Considering the jittery nature of my simplistic optimization function (although you prefer it to go up, there is no guarantee that it will always do), I pondered for a while about a backtracking mechanism, to no avail. The real next step is rather obvious: characters are probably not enough, the model needs to be augmented at the level of words. The character-based model should be doing most of the work in the first steps of the exploration (when the words are not fully formed), and the word-based model should take over progressively, as we zero in on the solution. It's easy to modify the previous code to introduce this new level:

CHAR_NGRAM_ORDER = 6
WORD_NGRAM_ORDER = 1
char_counts = defaultdict(int)
word_counts = defaultdict(int)
for line in open('brown.txt'):
    # words
    words = re.sub(r'\W+', ' ', line).split() # tokenize with punctuation and whitespaces
    word_counts[''] += len(words) # this little hack is useful for 1-grams
    for n in range(WORD_NGRAM_ORDER):
        for i in range(len(words)):
            if i >= n:
                word_counts[' '.join(words[i-n:i+1])] += 1
    # chars
    chars = ' '.join(words)    
    char_counts[''] += len(chars)
    for n in range(CHAR_NGRAM_ORDER):
        for i in range(len(chars)):
            if i >= n:
                char_counts[chars[i-n:i+1]] += 1

# wordProb('table') should be > than wordProb('tabel')
def wordProb(w):
    global word_counts
    words = w.split()
    h = ' '.join(words[:-1])
    if w in word_counts:
        return word_counts[w] / word_counts[h]
    return EPSILON

def gridScore(grid):
    # add spaces between rows
    s = ' '.join([''.join([grid[i][j] for i in range(19)]) for j in range(8)])
    # tokenize with punctuation and whitespaces
    s = ' '.join(re.sub(r'\W+', ' ', s).split()) 
    LL = 0 # log-likelihood
    for i in range(len(s)):
        probs = []
        for n in range(CHAR_NGRAM_ORDER):
            if i >= n:
                probs.append(charProb(s[i-n:i+1]))
        if not probs: continue
        pi = sum([p/len(probs) for p in probs])
        LL += math.log(pi)
    words = s.split()
    for i in range(len(words)):
        probs = []
        for n in range(WORD_NGRAM_ORDER):
            if i >= n:
                probs.append(wordProb(' '.join(words[i-n:i+1])))
        if not probs: continue
        pi = sum([p/len(probs) for p in probs])
        LL += math.log(pi)
    return LL

After some tinkering, I found that character-based 6-grams augmented with word unigrams was the most efficient model, as it solves the problem in 15 steps only. Of course this is highly dependent on the ~890K training parameters obtained using the Brown corpus, as with some other text it would probably look quite different.

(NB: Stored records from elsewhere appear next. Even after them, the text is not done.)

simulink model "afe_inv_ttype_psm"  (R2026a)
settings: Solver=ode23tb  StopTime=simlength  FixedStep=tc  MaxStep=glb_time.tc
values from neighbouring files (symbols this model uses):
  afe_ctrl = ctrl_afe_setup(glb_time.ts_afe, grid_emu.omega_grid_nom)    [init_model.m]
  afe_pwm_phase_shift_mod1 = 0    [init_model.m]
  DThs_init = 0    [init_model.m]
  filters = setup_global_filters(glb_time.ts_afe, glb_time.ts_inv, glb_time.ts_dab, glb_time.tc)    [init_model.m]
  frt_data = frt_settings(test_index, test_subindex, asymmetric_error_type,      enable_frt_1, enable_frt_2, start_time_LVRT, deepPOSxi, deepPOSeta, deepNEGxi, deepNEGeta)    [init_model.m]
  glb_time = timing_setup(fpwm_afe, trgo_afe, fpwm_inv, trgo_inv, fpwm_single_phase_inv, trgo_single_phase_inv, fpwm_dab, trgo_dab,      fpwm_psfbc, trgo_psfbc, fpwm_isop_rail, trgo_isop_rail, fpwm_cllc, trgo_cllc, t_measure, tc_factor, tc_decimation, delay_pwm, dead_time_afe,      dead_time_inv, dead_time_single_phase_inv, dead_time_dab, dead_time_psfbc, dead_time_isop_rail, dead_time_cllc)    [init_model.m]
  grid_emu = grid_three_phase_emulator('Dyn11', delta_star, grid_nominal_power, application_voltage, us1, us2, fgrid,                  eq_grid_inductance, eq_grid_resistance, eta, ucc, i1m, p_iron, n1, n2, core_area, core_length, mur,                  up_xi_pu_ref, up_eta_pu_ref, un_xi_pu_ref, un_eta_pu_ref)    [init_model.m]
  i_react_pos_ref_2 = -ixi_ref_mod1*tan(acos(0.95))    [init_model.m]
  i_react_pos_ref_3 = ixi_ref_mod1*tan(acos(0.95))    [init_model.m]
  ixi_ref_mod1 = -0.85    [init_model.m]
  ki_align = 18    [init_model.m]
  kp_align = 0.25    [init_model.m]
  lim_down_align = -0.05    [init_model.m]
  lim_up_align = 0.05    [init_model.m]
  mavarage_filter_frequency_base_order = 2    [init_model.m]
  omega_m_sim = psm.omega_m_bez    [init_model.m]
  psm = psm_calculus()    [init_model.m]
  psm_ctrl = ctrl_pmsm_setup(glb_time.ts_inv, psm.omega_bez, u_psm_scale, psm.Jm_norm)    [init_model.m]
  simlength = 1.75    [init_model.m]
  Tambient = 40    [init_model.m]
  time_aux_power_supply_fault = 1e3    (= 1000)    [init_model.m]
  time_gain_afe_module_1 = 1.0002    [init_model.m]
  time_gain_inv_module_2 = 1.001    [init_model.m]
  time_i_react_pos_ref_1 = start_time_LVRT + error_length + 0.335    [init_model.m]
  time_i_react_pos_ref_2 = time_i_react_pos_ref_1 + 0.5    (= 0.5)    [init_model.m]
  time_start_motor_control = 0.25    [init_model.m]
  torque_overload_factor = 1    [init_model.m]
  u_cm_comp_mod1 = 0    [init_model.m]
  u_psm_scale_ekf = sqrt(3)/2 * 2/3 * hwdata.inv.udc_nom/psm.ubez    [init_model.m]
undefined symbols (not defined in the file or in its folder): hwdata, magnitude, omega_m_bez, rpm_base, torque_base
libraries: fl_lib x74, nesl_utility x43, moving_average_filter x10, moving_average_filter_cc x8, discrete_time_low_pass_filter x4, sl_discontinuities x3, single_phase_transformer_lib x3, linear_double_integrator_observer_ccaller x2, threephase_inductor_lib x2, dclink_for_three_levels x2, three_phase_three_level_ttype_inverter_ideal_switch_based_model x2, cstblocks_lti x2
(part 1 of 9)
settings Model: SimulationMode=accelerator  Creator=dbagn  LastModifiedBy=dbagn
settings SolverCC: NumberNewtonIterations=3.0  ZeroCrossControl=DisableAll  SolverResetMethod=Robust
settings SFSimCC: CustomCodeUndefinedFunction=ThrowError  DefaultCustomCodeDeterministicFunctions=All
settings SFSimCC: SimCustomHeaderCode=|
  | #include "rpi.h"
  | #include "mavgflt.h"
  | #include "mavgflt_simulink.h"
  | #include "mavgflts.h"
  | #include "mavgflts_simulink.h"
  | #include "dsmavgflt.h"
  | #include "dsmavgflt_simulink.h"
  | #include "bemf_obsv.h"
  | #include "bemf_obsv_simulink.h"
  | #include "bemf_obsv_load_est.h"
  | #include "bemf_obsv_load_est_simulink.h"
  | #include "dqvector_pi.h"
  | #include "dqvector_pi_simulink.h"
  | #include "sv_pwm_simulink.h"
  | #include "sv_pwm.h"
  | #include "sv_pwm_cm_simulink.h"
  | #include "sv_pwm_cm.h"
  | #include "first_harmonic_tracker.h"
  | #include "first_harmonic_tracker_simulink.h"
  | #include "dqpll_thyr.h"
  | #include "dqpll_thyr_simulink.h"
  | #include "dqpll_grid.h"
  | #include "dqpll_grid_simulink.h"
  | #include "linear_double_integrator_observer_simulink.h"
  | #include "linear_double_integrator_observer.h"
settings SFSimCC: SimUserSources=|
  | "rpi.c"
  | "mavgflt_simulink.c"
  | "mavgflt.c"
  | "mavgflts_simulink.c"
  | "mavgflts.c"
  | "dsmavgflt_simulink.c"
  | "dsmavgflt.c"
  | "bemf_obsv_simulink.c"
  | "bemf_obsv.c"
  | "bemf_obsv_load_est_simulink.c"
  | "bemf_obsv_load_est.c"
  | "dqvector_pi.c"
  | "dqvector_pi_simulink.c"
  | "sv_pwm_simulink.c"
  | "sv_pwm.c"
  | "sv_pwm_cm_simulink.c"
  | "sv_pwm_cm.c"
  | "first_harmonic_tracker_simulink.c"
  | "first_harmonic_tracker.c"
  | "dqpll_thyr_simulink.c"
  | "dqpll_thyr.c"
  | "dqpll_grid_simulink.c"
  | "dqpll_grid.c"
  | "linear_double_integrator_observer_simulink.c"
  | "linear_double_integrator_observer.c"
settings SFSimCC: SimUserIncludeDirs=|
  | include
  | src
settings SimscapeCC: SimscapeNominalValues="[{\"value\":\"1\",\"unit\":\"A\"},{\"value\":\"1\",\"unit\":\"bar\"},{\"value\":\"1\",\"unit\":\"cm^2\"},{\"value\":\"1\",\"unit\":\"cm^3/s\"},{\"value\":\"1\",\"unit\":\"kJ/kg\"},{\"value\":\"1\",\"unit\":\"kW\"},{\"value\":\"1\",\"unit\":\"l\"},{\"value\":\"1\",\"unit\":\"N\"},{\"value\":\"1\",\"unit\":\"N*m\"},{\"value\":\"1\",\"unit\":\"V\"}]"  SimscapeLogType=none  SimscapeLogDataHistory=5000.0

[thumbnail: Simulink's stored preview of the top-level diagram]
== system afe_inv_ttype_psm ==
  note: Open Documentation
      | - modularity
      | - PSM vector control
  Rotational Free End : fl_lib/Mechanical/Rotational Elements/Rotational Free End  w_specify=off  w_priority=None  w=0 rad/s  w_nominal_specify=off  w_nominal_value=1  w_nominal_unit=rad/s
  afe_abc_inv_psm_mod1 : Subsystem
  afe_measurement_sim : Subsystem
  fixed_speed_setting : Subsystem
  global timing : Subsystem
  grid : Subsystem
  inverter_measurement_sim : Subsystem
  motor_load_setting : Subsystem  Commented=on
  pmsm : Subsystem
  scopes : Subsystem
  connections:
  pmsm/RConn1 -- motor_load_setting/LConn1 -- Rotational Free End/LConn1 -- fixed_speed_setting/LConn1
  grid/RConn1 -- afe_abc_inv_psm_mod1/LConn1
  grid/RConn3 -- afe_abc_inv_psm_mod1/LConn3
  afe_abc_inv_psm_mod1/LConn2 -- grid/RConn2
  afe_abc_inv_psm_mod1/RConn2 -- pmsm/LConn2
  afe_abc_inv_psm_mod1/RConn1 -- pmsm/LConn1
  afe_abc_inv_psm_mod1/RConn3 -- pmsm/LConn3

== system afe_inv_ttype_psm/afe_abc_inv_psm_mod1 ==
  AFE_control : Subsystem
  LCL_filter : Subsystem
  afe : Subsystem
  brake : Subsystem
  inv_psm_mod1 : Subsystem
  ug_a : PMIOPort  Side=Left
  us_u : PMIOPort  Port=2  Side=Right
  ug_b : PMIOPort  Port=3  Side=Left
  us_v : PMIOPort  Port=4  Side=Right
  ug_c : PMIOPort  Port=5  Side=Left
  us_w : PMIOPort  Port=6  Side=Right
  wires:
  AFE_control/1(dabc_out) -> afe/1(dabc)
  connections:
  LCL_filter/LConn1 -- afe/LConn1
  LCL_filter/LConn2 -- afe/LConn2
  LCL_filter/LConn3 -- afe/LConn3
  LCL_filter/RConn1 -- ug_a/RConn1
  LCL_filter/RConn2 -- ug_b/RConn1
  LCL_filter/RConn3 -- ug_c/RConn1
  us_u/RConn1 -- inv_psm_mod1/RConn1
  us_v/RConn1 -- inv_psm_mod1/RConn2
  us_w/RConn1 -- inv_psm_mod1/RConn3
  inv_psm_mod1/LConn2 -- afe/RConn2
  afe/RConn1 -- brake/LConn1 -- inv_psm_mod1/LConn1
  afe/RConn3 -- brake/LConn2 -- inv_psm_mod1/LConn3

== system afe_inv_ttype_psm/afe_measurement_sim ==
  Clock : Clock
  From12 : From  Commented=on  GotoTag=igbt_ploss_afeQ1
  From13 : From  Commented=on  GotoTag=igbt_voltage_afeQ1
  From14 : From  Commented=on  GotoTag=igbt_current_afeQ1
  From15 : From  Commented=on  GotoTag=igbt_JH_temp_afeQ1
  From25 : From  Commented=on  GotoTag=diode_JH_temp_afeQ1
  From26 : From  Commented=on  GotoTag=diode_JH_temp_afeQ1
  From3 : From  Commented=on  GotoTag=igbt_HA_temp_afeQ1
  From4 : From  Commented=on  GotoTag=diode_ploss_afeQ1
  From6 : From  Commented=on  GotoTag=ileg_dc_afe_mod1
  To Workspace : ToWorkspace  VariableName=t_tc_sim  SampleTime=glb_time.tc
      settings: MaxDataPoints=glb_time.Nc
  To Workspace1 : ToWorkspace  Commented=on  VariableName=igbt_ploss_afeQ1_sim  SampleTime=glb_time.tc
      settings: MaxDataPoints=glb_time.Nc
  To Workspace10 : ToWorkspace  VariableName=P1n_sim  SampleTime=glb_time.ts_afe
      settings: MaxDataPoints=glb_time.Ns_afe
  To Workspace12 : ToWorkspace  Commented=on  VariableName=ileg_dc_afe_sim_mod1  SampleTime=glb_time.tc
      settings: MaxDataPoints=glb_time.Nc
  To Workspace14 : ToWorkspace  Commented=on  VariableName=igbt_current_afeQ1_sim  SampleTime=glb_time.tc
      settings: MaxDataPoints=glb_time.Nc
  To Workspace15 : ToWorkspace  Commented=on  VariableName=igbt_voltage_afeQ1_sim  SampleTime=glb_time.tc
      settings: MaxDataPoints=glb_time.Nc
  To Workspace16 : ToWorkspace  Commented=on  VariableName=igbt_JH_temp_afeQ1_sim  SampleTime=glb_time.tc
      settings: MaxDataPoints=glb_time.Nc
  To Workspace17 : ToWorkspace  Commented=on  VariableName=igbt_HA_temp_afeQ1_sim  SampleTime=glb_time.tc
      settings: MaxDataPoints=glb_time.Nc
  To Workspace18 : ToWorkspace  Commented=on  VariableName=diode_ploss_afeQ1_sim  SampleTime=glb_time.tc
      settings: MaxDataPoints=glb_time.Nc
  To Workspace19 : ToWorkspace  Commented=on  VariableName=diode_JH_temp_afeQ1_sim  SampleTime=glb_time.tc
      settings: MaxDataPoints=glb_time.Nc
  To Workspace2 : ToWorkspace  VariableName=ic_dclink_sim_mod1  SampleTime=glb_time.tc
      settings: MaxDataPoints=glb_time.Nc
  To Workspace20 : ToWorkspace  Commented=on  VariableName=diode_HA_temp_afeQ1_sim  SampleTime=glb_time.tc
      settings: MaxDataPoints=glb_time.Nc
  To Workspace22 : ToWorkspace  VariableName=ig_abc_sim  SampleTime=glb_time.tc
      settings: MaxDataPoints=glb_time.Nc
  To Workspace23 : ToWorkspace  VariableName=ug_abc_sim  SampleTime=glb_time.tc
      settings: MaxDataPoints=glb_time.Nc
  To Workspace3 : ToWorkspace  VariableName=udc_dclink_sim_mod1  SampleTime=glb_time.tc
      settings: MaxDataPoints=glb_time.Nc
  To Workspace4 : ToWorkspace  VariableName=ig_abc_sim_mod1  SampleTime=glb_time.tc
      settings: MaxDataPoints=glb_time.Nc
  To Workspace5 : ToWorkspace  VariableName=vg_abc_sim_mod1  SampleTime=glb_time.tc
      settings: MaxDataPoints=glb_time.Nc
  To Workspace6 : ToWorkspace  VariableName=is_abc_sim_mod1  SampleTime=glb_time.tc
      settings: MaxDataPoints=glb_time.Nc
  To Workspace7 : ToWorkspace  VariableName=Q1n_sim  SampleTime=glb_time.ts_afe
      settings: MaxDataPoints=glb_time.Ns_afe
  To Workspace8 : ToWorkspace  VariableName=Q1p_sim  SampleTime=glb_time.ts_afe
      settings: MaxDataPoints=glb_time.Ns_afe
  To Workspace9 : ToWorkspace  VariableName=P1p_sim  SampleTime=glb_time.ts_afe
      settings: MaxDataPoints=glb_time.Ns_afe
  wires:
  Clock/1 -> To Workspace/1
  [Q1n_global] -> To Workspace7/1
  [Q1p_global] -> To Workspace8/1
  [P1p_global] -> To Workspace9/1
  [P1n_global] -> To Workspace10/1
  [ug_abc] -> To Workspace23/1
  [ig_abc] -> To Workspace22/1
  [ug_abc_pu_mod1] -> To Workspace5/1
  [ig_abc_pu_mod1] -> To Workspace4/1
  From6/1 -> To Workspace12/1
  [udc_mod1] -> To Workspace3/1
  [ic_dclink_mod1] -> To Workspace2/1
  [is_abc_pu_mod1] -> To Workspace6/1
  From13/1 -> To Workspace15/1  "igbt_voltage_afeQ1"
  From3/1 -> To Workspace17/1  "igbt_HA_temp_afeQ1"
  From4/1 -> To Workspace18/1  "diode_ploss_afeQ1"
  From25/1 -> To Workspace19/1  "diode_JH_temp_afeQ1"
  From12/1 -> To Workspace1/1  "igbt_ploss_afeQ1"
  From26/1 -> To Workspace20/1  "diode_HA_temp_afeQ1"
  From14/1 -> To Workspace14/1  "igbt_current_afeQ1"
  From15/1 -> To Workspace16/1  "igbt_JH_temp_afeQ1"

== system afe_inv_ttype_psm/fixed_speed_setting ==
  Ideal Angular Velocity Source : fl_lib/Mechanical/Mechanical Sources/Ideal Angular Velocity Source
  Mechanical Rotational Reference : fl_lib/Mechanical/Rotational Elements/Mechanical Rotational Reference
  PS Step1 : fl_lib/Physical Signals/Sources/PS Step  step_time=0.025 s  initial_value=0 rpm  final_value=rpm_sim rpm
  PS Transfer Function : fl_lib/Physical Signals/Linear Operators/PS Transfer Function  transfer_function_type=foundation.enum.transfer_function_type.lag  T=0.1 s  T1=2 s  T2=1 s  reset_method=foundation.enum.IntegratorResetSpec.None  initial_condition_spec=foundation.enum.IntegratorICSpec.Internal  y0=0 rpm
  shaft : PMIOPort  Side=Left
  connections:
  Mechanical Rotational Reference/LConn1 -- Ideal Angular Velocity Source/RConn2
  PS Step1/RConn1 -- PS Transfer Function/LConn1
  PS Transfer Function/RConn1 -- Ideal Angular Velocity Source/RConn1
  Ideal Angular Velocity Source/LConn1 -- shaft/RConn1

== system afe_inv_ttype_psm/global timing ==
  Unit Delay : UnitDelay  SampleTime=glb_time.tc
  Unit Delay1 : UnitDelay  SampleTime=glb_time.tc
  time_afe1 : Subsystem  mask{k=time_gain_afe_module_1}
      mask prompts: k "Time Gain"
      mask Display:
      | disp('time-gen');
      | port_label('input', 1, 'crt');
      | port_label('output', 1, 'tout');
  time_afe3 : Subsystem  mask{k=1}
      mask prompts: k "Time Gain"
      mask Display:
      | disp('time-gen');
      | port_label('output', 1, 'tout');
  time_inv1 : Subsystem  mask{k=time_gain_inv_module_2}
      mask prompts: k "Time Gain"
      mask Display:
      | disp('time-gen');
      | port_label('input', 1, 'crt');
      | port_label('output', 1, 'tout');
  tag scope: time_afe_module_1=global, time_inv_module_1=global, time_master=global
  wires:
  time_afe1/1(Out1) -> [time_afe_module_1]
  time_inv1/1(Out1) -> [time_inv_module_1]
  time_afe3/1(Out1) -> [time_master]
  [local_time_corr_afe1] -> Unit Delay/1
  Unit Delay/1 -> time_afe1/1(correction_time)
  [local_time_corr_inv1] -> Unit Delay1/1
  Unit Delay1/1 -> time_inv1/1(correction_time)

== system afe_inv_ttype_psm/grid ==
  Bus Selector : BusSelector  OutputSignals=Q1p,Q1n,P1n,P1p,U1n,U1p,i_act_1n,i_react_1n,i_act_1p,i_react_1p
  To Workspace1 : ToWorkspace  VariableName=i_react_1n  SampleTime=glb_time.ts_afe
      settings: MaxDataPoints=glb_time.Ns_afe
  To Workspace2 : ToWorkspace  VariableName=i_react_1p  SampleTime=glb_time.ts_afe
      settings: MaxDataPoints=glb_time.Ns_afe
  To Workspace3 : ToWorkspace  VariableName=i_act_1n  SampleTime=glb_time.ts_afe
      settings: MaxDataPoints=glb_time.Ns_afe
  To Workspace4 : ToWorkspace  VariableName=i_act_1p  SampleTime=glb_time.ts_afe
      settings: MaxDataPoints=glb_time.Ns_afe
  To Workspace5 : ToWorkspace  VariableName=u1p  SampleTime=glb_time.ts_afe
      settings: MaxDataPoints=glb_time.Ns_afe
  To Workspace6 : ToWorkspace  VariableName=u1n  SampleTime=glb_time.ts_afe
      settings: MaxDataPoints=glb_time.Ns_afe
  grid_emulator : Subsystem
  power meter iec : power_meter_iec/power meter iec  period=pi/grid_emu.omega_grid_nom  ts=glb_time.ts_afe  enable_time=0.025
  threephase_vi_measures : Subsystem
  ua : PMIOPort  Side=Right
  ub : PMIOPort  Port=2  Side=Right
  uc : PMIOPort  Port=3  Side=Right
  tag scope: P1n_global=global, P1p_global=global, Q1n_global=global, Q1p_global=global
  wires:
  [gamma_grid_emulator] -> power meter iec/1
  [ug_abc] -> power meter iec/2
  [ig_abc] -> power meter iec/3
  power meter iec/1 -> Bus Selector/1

I'm not sure if this is the optimal solution (it's rather hard to verify), but it should be pretty close.

And finally.. isn't it loopy in a strange way that the solution to a problem refers to what is probably the most efficient way of solving it?

That was really fun, as the rest of the course was, and if this could be of interest to anyone, the code is available on GitHub.